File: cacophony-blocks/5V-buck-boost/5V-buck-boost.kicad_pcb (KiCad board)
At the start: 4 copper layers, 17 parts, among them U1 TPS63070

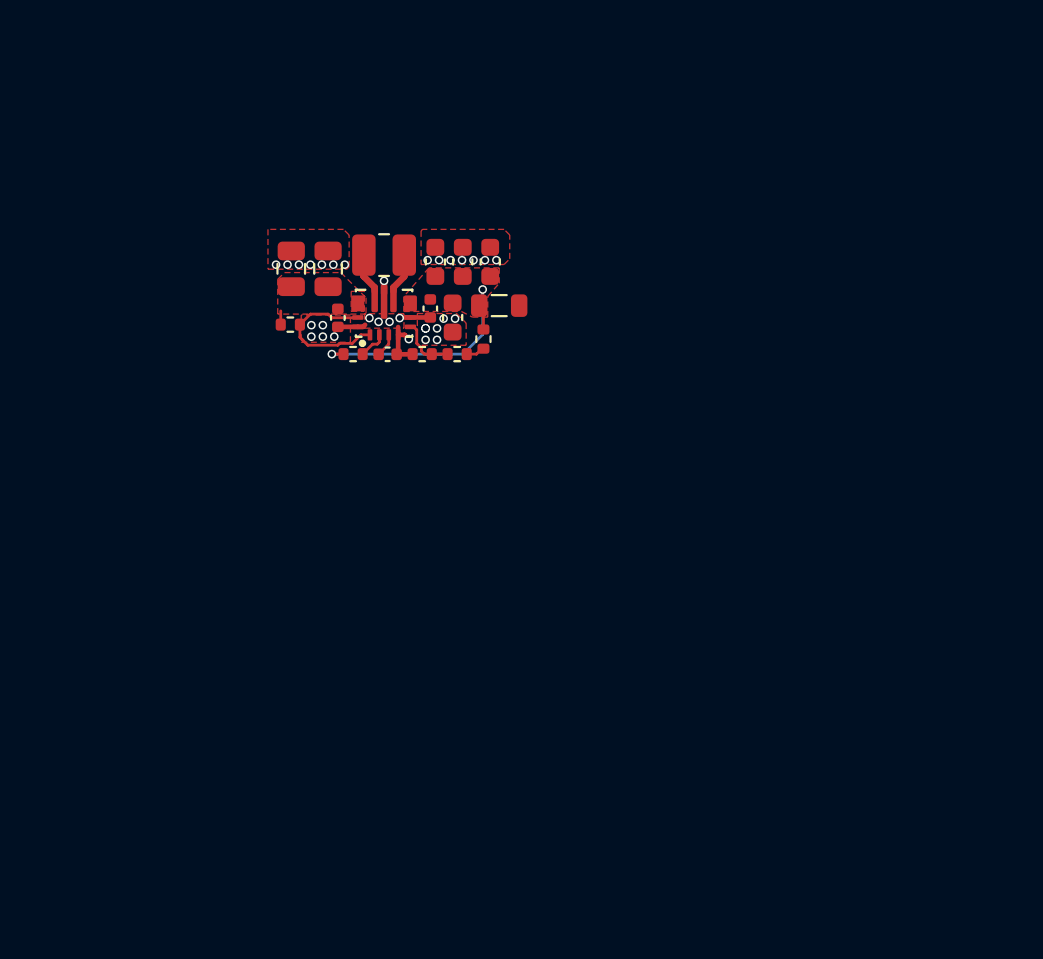
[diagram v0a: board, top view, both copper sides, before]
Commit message: Added 5V design block
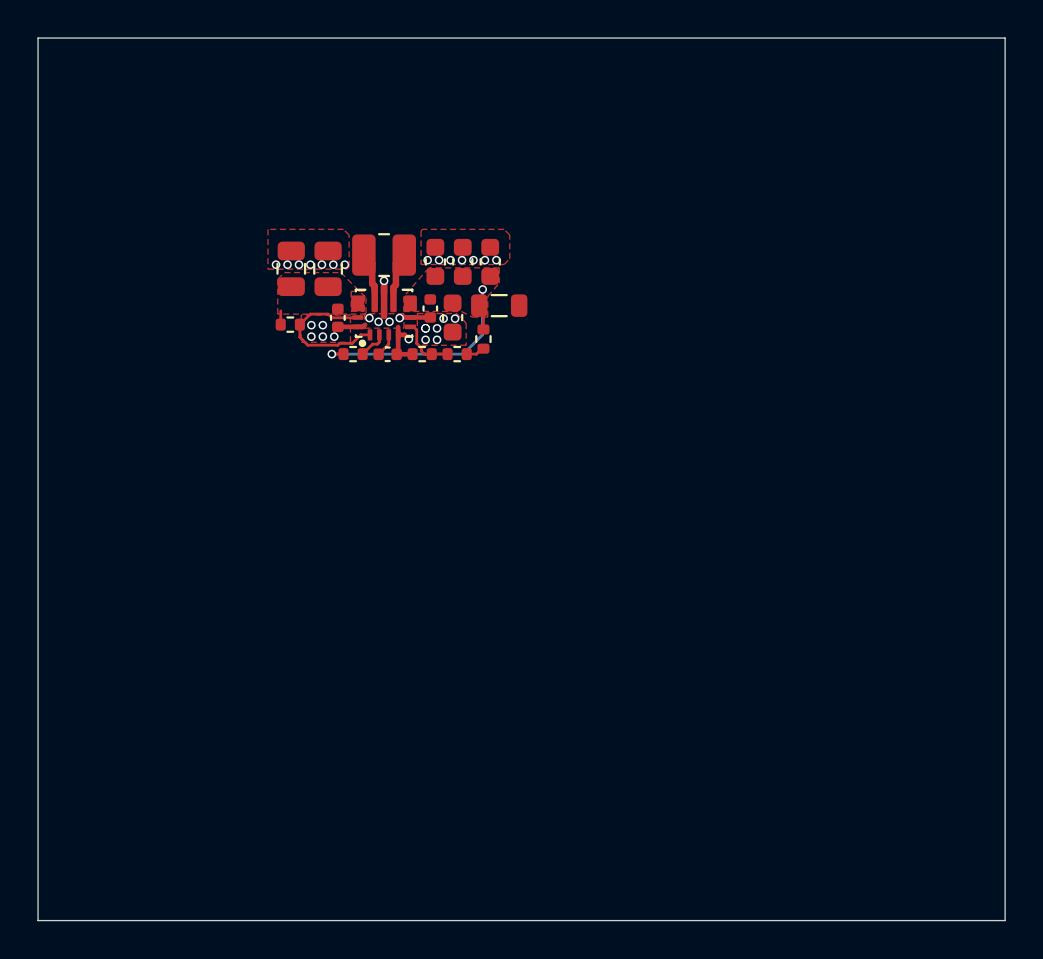
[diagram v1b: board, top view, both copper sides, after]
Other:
- board outline added: 51.5 x 47 mm

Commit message: Update library for solar-tester
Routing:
- net GND: track 6.58 -> 6.44 mm, vias 32 -> 30
- added copper zone on B.Cu, net GND
- added copper zone on In1.Cu, net GND
- added copper zone on In2.Cu, net GND
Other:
- board size 51.5 x 47 mm -> 21 x 14 mm
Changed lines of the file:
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@@
 		(capping no)
 		(filling no)
+		(zone_defaults)
 		(pcbplotparams
 			(layerselection 0x00000000_00000000_55555555_5755f5ff)
@@
 	)
 	(gr_rect
-		(start -18.42 -14.65)
-		(end 33.06 32.33)
+		(start -10 -8)
+		(end 11 6)
 		(stroke
 			(width 0.05)
@@
 	)
 	(segment
-		(start 1.095 1.15)
-		(end 0.75 1.15)
+		(start 1.2225 1.2775)
+		(end 1.095 1.15)
 		(width 0.25)
 		(layer "F.Cu")
@@
 	)
 	(segment
-		(start 1.32 1.375)
-		(end 1.095 1.15)
+		(start 1.095 1.15)
+		(end 0.75 1.15)
 		(width 0.25)
 		(layer "F.Cu")
@@
 	)
 	(via
-		(at 1.32 1.375)
+		(at 1.2225 1.2775)
 		(size 0.46)
 		(drill 0.3)
@@
 	)
 	(via
-		(at -3.87 0.635)
+		(at -3.76 0.595)
 		(size 0.46)
 		(drill 0.3)
@@
 	)
 	(via
-		(at 0.83 0.255)
+		(at 0.64 0.37)
 		(size 0.46)
 		(drill 0.3)
@@
 	)
 	(via
-		(at -3.26 0.635)
+		(at -3.15 0.595)
 		(size 0.46)
 		(drill 0.3)
@@
 	)
 	(via
-		(at -0.29 0.455)
-		(size 0.46)
-		(drill 0.3)
-		(layers "F.Cu" "B.Cu")
-		(free yes)
-		(net "GND")
-	)
-	(via
-		(at 2.21 0.805)
+		(at -0.64 0.37)
 		(size 0.46)
 		(drill 0.3)
@@
 	)
 	(via
-		(at -0.78 0.255)
-		(size 0.46)
-		(drill 0.3)
-		(layers "F.Cu" "B.Cu")
-		(free yes)
-		(net "GND")
-	)
-	(via
-		(at 0.29 0.455)
+		(at 0 0.505)
 		(size 0.46)
 		(drill 0.3)
@@
 	)
 	(zone
+		(net "GND")
+		(layers "F.Cu" "B.Cu" "In1.Cu" "In2.Cu")
+		(hatch edge 0.5)
+		(connect_pads
+			(clearance 0.5)
+		)
+		(min_thickness 0.25)
+		(fill yes
+			(thermal_gap 0.5)
+			(thermal_bridge_width 0.5)
+			(island_removal_mode 0)
+		)
+		(polygon
+			(pts
+				(xy -9 -7) (xy 10 -7) (xy 10 5) (xy -9 5)
+			)
+		)
+	)
+	(zone
 		(layers "F.Cu" "In1.Cu")
 		(hatch edge 0.5)
@@
 			(tracks allowed)
 			(vias not_allowed)
-			(pads not_allowed)
+			(pads allowed)
 			(copperpour not_allowed)
 			(footprints allowed)
@@
 			"17c92423-7983-46b7-8a62-efea801a8a67" "189341f0-9e6c-49a2-8f47-9ebcfa1dda39"
 			"18f006ee-1bc5-4da5-8b1f-faa0336a5c2e" "195b5aa4-7657-4fe0-854d-4a6e1311fe3b"
-			"1a421abc-7c26-4017-80a9-2e38798bd0d1" "1b5dc17c-5c3b-48ea-8e44-4ea4ed7604d8"
-			"1dbfe832-5248-4b07-96b4-05302e3d4f15" "1e91a866-51bd-4dc0-89b5-5974c37557e5"
-			"20ba0754-7097-4f6d-9250-c4da089e6918" "225e00fc-68d0-4829-94de-dc975e84c770"
-			"246d923a-0abe-4545-885c-ffd99e981cc8" "24926ddf-18c4-411e-b18f-c628b4402a2b"
-			"266aee12-646b-4acf-9d04-51a9b9f45192" "2673d264-42af-4d02-8b2a-581da257e055"
-			"2c082948-9adc-49bf-a248-cf80ac6845be" "2e7b5796-2300-4f0e-894b-deb4be7ea1b7"
-			"3263dd0f-b2c4-46ce-86d0-a99ecb8600cd" "34f443dd-9a94-4b06-a8c0-d103f3e0d18f"
-			"37d1fc60-7c7e-4408-8e6d-ac96c02a39b5" "383a3590-6c71-4d66-9fa4-2c2a68efbf78"
-			"38ad897b-8158-4784-98f6-ec1d34ae1249" "3ae15677-db4b-4354-b099-c6917e0ff41f"
+			"1a421abc-7c26-4017-80a9-2e38798bd0d1" "1dbfe832-5248-4b07-96b4-05302e3d4f15"
+			"1e91a866-51bd-4dc0-89b5-5974c37557e5" "20ba0754-7097-4f6d-9250-c4da089e6918"
+			"225e00fc-68d0-4829-94de-dc975e84c770" "246d923a-0abe-4545-885c-ffd99e981cc8"
+			"24926ddf-18c4-411e-b18f-c628b4402a2b" "266aee12-646b-4acf-9d04-51a9b9f45192"
+			"2673d264-42af-4d02-8b2a-581da257e055" "2c082948-9adc-49bf-a248-cf80ac6845be"
+			"2e7b5796-2300-4f0e-894b-deb4be7ea1b7" "3263dd0f-b2c4-46ce-86d0-a99ecb8600cd"
+			"34f443dd-9a94-4b06-a8c0-d103f3e0d18f" "37d1fc60-7c7e-4408-8e6d-ac96c02a39b5"
+			"383a3590-6c71-4d66-9fa4-2c2a68efbf78" "38ad897b-8158-4784-98f6-ec1d34ae1249"
+			"38c0bc60-a9a2-472c-9238-5cc7896ca150" "3ae15677-db4b-4354-b099-c6917e0ff41f"
 			"3c09eaba-97b7-478a-a129-73a60f554a86" "3d6f975c-a2ec-4252-aece-d9ed5866144b"
 			"3dea0c43-72ae-446e-947a-092a124fe01b" "3e67290c-70a0-4f72-b7ef-8af030397e14"
@@
 			"ad041e6e-ed15-4fec-9e09-ad51c0db1ccb" "aec6b133-b1f0-40b7-b3d5-65cbcf731fd9"
 			"af7cdb57-3a09-48b6-88ec-8613f71af0f8" "b660282e-9f9d-4144-9ed6-f4e81eb08452"
-			"b69d9f32-390a-4b00-9e84-fd6ce835bcde" "b99442e0-bab0-4137-8855-fd8a17e6abc3"
-			"bcad13c6-3cb1-4b96-92a6-b02c0bb0f46b" "bdcd1c3b-bec9-4b07-8aa7-4587c6a90808"
-			"bdda020d-7e6e-4186-8e1b-c2e69b012c0e" "c27b2bd0-93e3-4242-8dc1-dd9b42c64b4e"
-			"c3866772-05ec-4f80-b260-538d3c51732a" "ca1e0f74-4c8a-4504-a45a-a07eea5a6c3e"
+			"b69d9f32-390a-4b00-9e84-fd6ce835bcde" "bdcd1c3b-bec9-4b07-8aa7-4587c6a90808"
+			"bdda020d-7e6e-4186-8e1b-c2e69b012c0e" "be37032c-9146-4865-baed-96cf415d14c8"
+			"c27b2bd0-93e3-4242-8dc1-dd9b42c64b4e" "ca1e0f74-4c8a-4504-a45a-a07eea5a6c3e"
 			"ccdc9b03-618b-4da9-819d-0f49d059ca2d" "d3f3b40c-a485-4223-9f79-033a214a8968"
 			"d409b750-9253-4f1e-a211-fded902c7a9a" "d60215fb-e507-4bbc-bb29-f2f72948d219"
──────
■ Action item ■
What is needed here is an exact copy of every record, with the pictures left out.

■ Solution for this problem ■
File: cacophony-blocks/5V-buck-boost/5V-buck-boost.kicad_pcb (KiCad board)
At the start: 4 copper layers, 17 parts, among them U1 TPS63070

[diagram v0a: board, top view, both copper sides, before]
Commit message: Added 5V design block
[diagram v1b: board, top view, both copper sides, after]
Other:
- board outline added: 51.5 x 47 mm

Commit message: Update library for solar-tester
Routing:
- net GND: track 6.58 -> 6.44 mm, vias 32 -> 30
- added copper zone on B.Cu, net GND
- added copper zone on In1.Cu, net GND
- added copper zone on In2.Cu, net GND
Other:
- board size 51.5 x 47 mm -> 21 x 14 mm
Changed lines of the file:
@@
 		(capping no)
 		(filling no)
+		(zone_defaults)
 		(pcbplotparams
 			(layerselection 0x00000000_00000000_55555555_5755f5ff)
@@
 	)
 	(gr_rect
-		(start -18.42 -14.65)
-		(end 33.06 32.33)
+		(start -10 -8)
+		(end 11 6)
 		(stroke
 			(width 0.05)
@@
 	)
 	(segment
-		(start 1.095 1.15)
-		(end 0.75 1.15)
+		(start 1.2225 1.2775)
+		(end 1.095 1.15)
 		(width 0.25)
 		(layer "F.Cu")
@@
 	)
 	(segment
-		(start 1.32 1.375)
-		(end 1.095 1.15)
+		(start 1.095 1.15)
+		(end 0.75 1.15)
 		(width 0.25)
 		(layer "F.Cu")
@@
 	)
 	(via
-		(at 1.32 1.375)
+		(at 1.2225 1.2775)
 		(size 0.46)
 		(drill 0.3)
@@
 	)
 	(via
-		(at -3.87 0.635)
+		(at -3.76 0.595)
 		(size 0.46)
 		(drill 0.3)
@@
 	)
 	(via
-		(at 0.83 0.255)
+		(at 0.64 0.37)
 		(size 0.46)
 		(drill 0.3)
@@
 	)
 	(via
-		(at -3.26 0.635)
+		(at -3.15 0.595)
 		(size 0.46)
 		(drill 0.3)
@@
 	)
 	(via
-		(at -0.29 0.455)
-		(size 0.46)
-		(drill 0.3)
-		(layers "F.Cu" "B.Cu")
-		(free yes)
-		(net "GND")
-	)
-	(via
-		(at 2.21 0.805)
+		(at -0.64 0.37)
 		(size 0.46)
 		(drill 0.3)
@@
 	)
 	(via
-		(at -0.78 0.255)
-		(size 0.46)
-		(drill 0.3)
-		(layers "F.Cu" "B.Cu")
-		(free yes)
-		(net "GND")
-	)
-	(via
-		(at 0.29 0.455)
+		(at 0 0.505)
 		(size 0.46)
 		(drill 0.3)
@@
 	)
 	(zone
+		(net "GND")
+		(layers "F.Cu" "B.Cu" "In1.Cu" "In2.Cu")
+		(hatch edge 0.5)
+		(connect_pads
+			(clearance 0.5)
+		)
+		(min_thickness 0.25)
+		(fill yes
+			(thermal_gap 0.5)
+			(thermal_bridge_width 0.5)
+			(island_removal_mode 0)
+		)
+		(polygon
+			(pts
+				(xy -9 -7) (xy 10 -7) (xy 10 5) (xy -9 5)
+			)
+		)
+	)
+	(zone
 		(layers "F.Cu" "In1.Cu")
 		(hatch edge 0.5)
@@
 			(tracks allowed)
 			(vias not_allowed)
-			(pads not_allowed)
+			(pads allowed)
 			(copperpour not_allowed)
 			(footprints allowed)
@@
 			"17c92423-7983-46b7-8a62-efea801a8a67" "189341f0-9e6c-49a2-8f47-9ebcfa1dda39"
 			"18f006ee-1bc5-4da5-8b1f-faa0336a5c2e" "195b5aa4-7657-4fe0-854d-4a6e1311fe3b"
-			"1a421abc-7c26-4017-80a9-2e38798bd0d1" "1b5dc17c-5c3b-48ea-8e44-4ea4ed7604d8"
-			"1dbfe832-5248-4b07-96b4-05302e3d4f15" "1e91a866-51bd-4dc0-89b5-5974c37557e5"
-			"20ba0754-7097-4f6d-9250-c4da089e6918" "225e00fc-68d0-4829-94de-dc975e84c770"
-			"246d923a-0abe-4545-885c-ffd99e981cc8" "24926ddf-18c4-411e-b18f-c628b4402a2b"
-			"266aee12-646b-4acf-9d04-51a9b9f45192" "2673d264-42af-4d02-8b2a-581da257e055"
-			"2c082948-9adc-49bf-a248-cf80ac6845be" "2e7b5796-2300-4f0e-894b-deb4be7ea1b7"
-			"3263dd0f-b2c4-46ce-86d0-a99ecb8600cd" "34f443dd-9a94-4b06-a8c0-d103f3e0d18f"
-			"37d1fc60-7c7e-4408-8e6d-ac96c02a39b5" "383a3590-6c71-4d66-9fa4-2c2a68efbf78"
-			"38ad897b-8158-4784-98f6-ec1d34ae1249" "3ae15677-db4b-4354-b099-c6917e0ff41f"
+			"1a421abc-7c26-4017-80a9-2e38798bd0d1" "1dbfe832-5248-4b07-96b4-05302e3d4f15"
+			"1e91a866-51bd-4dc0-89b5-5974c37557e5" "20ba0754-7097-4f6d-9250-c4da089e6918"
+			"225e00fc-68d0-4829-94de-dc975e84c770" "246d923a-0abe-4545-885c-ffd99e981cc8"
+			"24926ddf-18c4-411e-b18f-c628b4402a2b" "266aee12-646b-4acf-9d04-51a9b9f45192"
+			"2673d264-42af-4d02-8b2a-581da257e055" "2c082948-9adc-49bf-a248-cf80ac6845be"
+			"2e7b5796-2300-4f0e-894b-deb4be7ea1b7" "3263dd0f-b2c4-46ce-86d0-a99ecb8600cd"
+			"34f443dd-9a94-4b06-a8c0-d103f3e0d18f" "37d1fc60-7c7e-4408-8e6d-ac96c02a39b5"
+			"383a3590-6c71-4d66-9fa4-2c2a68efbf78" "38ad897b-8158-4784-98f6-ec1d34ae1249"
+			"38c0bc60-a9a2-472c-9238-5cc7896ca150" "3ae15677-db4b-4354-b099-c6917e0ff41f"
 			"3c09eaba-97b7-478a-a129-73a60f554a86" "3d6f975c-a2ec-4252-aece-d9ed5866144b"
 			"3dea0c43-72ae-446e-947a-092a124fe01b" "3e67290c-70a0-4f72-b7ef-8af030397e14"
@@
 			"ad041e6e-ed15-4fec-9e09-ad51c0db1ccb" "aec6b133-b1f0-40b7-b3d5-65cbcf731fd9"
 			"af7cdb57-3a09-48b6-88ec-8613f71af0f8" "b660282e-9f9d-4144-9ed6-f4e81eb08452"
-			"b69d9f32-390a-4b00-9e84-fd6ce835bcde" "b99442e0-bab0-4137-8855-fd8a17e6abc3"
-			"bcad13c6-3cb1-4b96-92a6-b02c0bb0f46b" "bdcd1c3b-bec9-4b07-8aa7-4587c6a90808"
-			"bdda020d-7e6e-4186-8e1b-c2e69b012c0e" "c27b2bd0-93e3-4242-8dc1-dd9b42c64b4e"
-			"c3866772-05ec-4f80-b260-538d3c51732a" "ca1e0f74-4c8a-4504-a45a-a07eea5a6c3e"
+			"b69d9f32-390a-4b00-9e84-fd6ce835bcde" "bdcd1c3b-bec9-4b07-8aa7-4587c6a90808"
+			"bdda020d-7e6e-4186-8e1b-c2e69b012c0e" "be37032c-9146-4865-baed-96cf415d14c8"
+			"c27b2bd0-93e3-4242-8dc1-dd9b42c64b4e" "ca1e0f74-4c8a-4504-a45a-a07eea5a6c3e"
 			"ccdc9b03-618b-4da9-819d-0f49d059ca2d" "d3f3b40c-a485-4223-9f79-033a214a8968"
 			"d409b750-9253-4f1e-a211-fded902c7a9a" "d60215fb-e507-4bbc-bb29-f2f72948d219"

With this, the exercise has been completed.